Instructions to follow:
Find the line containing "#33=EDGE_LOOP('',(#32));" in the entries below. Restate it and each line after it, word for word, up to and including the line containing "#78=VERTEX_POINT('',#77);".

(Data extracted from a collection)

Content starts

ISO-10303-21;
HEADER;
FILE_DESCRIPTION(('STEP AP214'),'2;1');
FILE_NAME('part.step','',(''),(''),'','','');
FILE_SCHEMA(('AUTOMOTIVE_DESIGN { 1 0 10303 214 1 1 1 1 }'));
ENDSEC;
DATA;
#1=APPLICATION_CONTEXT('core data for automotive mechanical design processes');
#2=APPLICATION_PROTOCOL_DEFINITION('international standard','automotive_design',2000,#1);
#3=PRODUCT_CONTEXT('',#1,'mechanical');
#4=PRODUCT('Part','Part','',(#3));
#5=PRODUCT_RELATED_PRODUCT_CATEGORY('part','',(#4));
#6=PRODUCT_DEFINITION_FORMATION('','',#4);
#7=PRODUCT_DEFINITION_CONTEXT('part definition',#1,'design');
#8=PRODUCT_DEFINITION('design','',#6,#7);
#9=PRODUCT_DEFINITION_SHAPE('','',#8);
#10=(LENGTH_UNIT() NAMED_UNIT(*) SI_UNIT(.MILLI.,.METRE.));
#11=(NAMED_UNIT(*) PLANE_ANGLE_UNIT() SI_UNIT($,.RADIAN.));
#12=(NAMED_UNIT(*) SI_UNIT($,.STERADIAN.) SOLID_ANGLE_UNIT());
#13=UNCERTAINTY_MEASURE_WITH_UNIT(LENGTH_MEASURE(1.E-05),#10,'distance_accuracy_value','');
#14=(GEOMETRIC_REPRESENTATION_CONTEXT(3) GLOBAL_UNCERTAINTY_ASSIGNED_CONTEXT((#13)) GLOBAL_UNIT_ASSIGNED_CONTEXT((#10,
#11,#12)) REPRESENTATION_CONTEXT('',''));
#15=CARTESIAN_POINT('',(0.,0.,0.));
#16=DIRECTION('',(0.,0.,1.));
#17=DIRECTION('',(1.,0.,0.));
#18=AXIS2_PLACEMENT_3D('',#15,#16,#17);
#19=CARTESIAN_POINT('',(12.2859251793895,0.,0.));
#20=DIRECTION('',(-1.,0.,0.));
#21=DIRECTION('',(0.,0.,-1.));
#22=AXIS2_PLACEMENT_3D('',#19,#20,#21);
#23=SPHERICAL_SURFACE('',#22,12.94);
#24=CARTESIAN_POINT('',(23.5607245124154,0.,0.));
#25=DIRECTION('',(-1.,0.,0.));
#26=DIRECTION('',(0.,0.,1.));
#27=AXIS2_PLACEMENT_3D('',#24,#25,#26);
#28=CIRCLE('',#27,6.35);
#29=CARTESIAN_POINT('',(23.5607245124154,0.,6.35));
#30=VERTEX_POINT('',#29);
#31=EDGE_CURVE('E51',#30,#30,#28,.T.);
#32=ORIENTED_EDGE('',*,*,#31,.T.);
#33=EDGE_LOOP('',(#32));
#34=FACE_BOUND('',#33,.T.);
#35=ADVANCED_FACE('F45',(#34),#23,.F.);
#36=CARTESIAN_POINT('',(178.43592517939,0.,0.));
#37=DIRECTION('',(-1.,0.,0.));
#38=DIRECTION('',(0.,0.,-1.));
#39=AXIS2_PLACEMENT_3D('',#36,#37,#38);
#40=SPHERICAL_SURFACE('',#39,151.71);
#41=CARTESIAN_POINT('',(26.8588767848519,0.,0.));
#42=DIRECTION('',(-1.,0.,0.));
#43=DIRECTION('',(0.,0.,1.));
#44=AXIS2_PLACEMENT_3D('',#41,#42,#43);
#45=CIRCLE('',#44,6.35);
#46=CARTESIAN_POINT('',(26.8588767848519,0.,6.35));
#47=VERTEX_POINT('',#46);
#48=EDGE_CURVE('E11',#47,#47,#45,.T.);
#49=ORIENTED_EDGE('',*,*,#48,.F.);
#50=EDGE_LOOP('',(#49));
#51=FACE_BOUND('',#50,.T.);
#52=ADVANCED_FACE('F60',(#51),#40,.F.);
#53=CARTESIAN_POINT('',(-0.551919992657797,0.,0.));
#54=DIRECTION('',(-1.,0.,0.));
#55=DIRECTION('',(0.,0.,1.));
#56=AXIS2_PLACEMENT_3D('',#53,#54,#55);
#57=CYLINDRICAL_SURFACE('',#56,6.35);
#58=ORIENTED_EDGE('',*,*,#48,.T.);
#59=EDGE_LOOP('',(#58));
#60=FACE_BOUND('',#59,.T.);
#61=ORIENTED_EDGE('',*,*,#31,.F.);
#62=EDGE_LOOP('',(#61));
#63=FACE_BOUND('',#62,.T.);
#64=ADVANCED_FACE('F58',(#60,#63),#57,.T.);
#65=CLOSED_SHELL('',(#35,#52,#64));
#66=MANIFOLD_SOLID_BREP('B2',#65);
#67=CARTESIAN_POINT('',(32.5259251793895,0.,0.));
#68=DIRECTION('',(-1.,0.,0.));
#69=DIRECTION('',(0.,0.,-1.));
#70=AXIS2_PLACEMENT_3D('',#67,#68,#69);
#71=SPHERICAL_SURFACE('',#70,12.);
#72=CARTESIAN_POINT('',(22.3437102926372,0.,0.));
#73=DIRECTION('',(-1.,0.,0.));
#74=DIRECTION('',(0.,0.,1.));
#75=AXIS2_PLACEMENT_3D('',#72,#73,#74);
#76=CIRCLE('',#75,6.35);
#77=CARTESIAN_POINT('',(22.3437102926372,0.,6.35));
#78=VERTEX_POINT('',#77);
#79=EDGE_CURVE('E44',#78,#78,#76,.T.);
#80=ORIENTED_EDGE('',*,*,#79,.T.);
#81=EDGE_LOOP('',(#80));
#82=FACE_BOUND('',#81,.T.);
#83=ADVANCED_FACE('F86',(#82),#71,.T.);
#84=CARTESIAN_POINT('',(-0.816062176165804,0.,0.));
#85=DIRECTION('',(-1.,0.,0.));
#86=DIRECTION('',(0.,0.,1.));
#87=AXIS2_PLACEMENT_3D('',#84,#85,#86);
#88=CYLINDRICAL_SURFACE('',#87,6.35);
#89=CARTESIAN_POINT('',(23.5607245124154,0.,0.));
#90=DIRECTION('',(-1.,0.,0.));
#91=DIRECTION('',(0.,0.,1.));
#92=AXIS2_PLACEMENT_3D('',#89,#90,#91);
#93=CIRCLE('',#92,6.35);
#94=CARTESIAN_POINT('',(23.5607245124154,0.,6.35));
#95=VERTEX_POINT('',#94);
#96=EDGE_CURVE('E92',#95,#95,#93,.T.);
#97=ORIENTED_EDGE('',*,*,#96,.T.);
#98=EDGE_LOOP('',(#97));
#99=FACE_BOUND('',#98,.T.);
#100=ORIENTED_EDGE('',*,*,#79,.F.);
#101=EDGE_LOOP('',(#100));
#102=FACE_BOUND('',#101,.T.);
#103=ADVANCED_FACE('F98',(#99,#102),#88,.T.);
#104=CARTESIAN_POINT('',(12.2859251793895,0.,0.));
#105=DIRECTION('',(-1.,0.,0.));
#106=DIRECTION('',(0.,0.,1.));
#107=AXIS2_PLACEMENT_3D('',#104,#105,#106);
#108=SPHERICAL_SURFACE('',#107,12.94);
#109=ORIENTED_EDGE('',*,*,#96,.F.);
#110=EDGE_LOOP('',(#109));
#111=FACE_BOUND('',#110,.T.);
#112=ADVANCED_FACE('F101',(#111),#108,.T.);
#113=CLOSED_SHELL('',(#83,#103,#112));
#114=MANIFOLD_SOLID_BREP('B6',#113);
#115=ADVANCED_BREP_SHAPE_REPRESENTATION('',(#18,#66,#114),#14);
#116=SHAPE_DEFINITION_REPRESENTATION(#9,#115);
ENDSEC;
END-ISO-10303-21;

Content ends

Response to the task:
#33=EDGE_LOOP('',(#32));
#34=FACE_BOUND('',#33,.T.);
#35=ADVANCED_FACE('F45',(#34),#23,.F.);
#36=CARTESIAN_POINT('',(178.43592517939,0.,0.));
#37=DIRECTION('',(-1.,0.,0.));
#38=DIRECTION('',(0.,0.,-1.));
#39=AXIS2_PLACEMENT_3D('',#36,#37,#38);
#40=SPHERICAL_SURFACE('',#39,151.71);
#41=CARTESIAN_POINT('',(26.8588767848519,0.,0.));
#42=DIRECTION('',(-1.,0.,0.));
#43=DIRECTION('',(0.,0.,1.));
#44=AXIS2_PLACEMENT_3D('',#41,#42,#43);
#45=CIRCLE('',#44,6.35);
#46=CARTESIAN_POINT('',(26.8588767848519,0.,6.35));
#47=VERTEX_POINT('',#46);
#48=EDGE_CURVE('E11',#47,#47,#45,.T.);
#49=ORIENTED_EDGE('',*,*,#48,.F.);
#50=EDGE_LOOP('',(#49));
#51=FACE_BOUND('',#50,.T.);
#52=ADVANCED_FACE('F60',(#51),#40,.F.);
#53=CARTESIAN_POINT('',(-0.551919992657797,0.,0.));
#54=DIRECTION('',(-1.,0.,0.));
#55=DIRECTION('',(0.,0.,1.));
#56=AXIS2_PLACEMENT_3D('',#53,#54,#55);
#57=CYLINDRICAL_SURFACE('',#56,6.35);
#58=ORIENTED_EDGE('',*,*,#48,.T.);
#59=EDGE_LOOP('',(#58));
#60=FACE_BOUND('',#59,.T.);
#61=ORIENTED_EDGE('',*,*,#31,.F.);
#62=EDGE_LOOP('',(#61));
#63=FACE_BOUND('',#62,.T.);
#64=ADVANCED_FACE('F58',(#60,#63),#57,.T.);
#65=CLOSED_SHELL('',(#35,#52,#64));
#66=MANIFOLD_SOLID_BREP('B2',#65);
#67=CARTESIAN_POINT('',(32.5259251793895,0.,0.));
#68=DIRECTION('',(-1.,0.,0.));
#69=DIRECTION('',(0.,0.,-1.));
#70=AXIS2_PLACEMENT_3D('',#67,#68,#69);
#71=SPHERICAL_SURFACE('',#70,12.);
#72=CARTESIAN_POINT('',(22.3437102926372,0.,0.));
#73=DIRECTION('',(-1.,0.,0.));
#74=DIRECTION('',(0.,0.,1.));
#75=AXIS2_PLACEMENT_3D('',#72,#73,#74);
#76=CIRCLE('',#75,6.35);
#77=CARTESIAN_POINT('',(22.3437102926372,0.,6.35));
#78=VERTEX_POINT('',#77);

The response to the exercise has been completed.